Material provided:

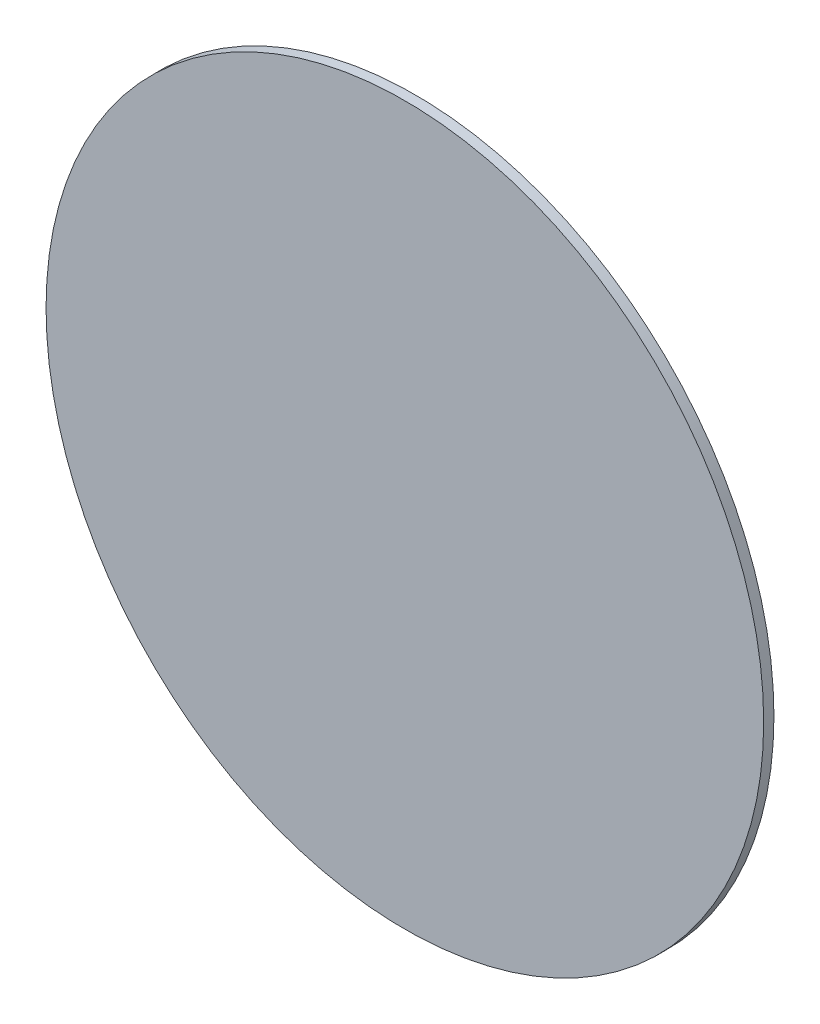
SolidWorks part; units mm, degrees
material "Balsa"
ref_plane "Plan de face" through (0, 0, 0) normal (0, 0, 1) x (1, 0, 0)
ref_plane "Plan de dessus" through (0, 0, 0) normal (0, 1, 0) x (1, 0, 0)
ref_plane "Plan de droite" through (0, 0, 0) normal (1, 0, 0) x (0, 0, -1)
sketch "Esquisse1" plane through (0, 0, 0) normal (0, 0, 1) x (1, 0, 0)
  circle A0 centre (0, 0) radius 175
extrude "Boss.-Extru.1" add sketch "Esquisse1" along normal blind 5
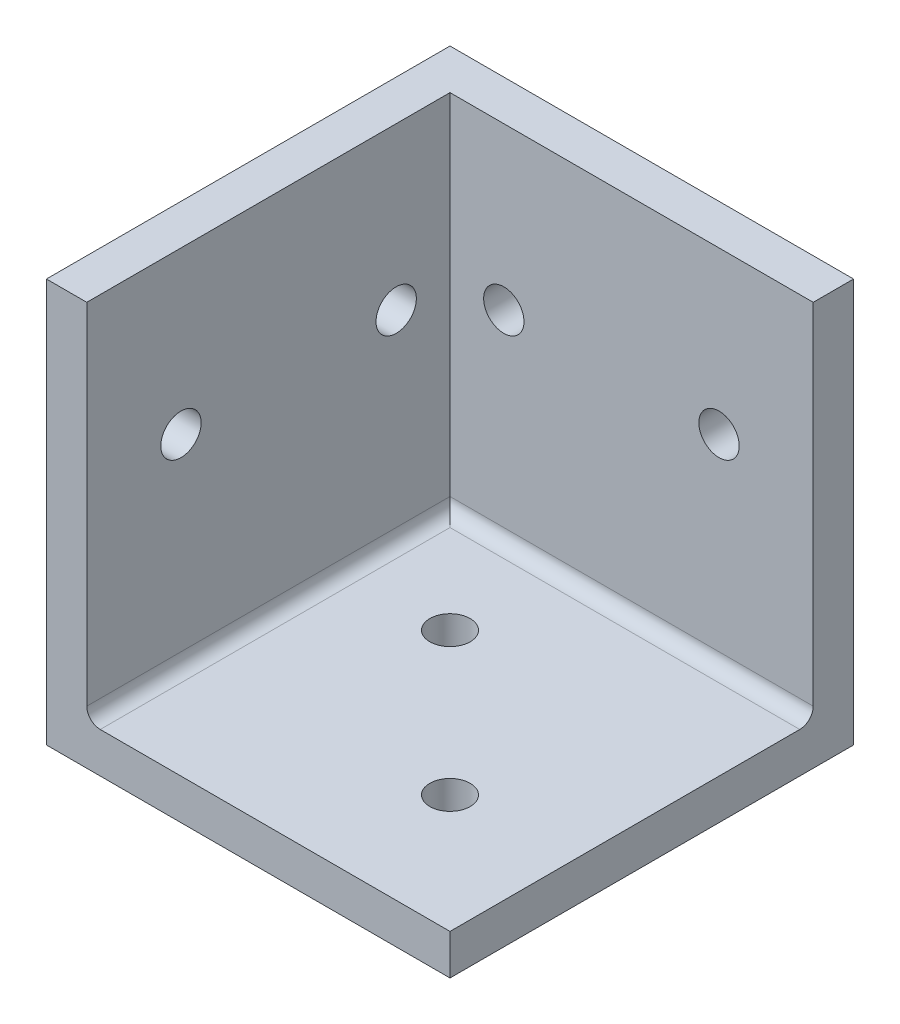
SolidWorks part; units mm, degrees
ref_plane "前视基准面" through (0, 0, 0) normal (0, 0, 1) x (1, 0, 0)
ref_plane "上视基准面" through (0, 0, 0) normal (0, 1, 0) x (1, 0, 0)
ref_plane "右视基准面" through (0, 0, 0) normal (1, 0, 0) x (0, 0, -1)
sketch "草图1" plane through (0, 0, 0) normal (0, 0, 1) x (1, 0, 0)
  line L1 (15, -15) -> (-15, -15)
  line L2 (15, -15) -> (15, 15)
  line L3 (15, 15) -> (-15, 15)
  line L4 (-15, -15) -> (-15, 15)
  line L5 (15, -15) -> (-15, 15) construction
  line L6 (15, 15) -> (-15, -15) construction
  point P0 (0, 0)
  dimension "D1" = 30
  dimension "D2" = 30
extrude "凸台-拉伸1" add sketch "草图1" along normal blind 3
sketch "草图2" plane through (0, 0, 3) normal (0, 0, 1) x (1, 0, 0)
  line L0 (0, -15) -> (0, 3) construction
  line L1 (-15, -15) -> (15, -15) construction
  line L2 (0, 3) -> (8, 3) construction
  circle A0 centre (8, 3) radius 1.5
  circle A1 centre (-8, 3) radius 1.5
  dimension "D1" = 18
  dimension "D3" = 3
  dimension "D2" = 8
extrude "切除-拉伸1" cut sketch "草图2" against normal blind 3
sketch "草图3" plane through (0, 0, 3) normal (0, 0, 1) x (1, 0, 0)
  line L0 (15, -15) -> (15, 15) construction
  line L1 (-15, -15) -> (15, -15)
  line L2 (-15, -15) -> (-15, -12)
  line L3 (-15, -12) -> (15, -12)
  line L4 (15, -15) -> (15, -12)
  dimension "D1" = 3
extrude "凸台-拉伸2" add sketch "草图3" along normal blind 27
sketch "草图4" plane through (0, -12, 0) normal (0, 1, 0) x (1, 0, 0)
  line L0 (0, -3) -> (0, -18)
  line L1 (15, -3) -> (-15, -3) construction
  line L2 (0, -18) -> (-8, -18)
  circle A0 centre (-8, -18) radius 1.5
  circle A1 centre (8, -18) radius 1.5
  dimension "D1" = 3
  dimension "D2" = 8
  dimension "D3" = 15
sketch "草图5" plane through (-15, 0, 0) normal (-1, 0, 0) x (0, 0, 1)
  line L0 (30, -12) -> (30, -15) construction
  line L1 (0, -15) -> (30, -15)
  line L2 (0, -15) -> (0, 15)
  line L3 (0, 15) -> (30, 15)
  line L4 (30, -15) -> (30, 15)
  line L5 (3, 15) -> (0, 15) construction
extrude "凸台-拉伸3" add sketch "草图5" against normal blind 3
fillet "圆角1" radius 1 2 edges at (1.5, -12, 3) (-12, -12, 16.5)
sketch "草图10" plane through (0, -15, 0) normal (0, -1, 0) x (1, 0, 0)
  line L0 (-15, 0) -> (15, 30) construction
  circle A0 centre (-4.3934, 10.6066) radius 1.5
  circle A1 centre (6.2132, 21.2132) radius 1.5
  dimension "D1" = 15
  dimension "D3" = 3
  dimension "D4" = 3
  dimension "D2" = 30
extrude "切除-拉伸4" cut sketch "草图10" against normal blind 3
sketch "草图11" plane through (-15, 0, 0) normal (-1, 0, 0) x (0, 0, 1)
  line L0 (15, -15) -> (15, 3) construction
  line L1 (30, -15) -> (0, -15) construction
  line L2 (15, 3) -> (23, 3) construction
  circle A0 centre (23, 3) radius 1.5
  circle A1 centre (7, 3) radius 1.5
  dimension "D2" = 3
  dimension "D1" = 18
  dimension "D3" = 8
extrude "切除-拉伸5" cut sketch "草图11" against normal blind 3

What the task asks:
Copy every line from the material in which the word "against" can be found.

Solution:
extrude "切除-拉伸1" cut sketch "草图2" against normal blind 3
extrude "凸台-拉伸3" add sketch "草图5" against normal blind 3
extrude "切除-拉伸4" cut sketch "草图10" against normal blind 3
extrude "切除-拉伸5" cut sketch "草图11" against normal blind 3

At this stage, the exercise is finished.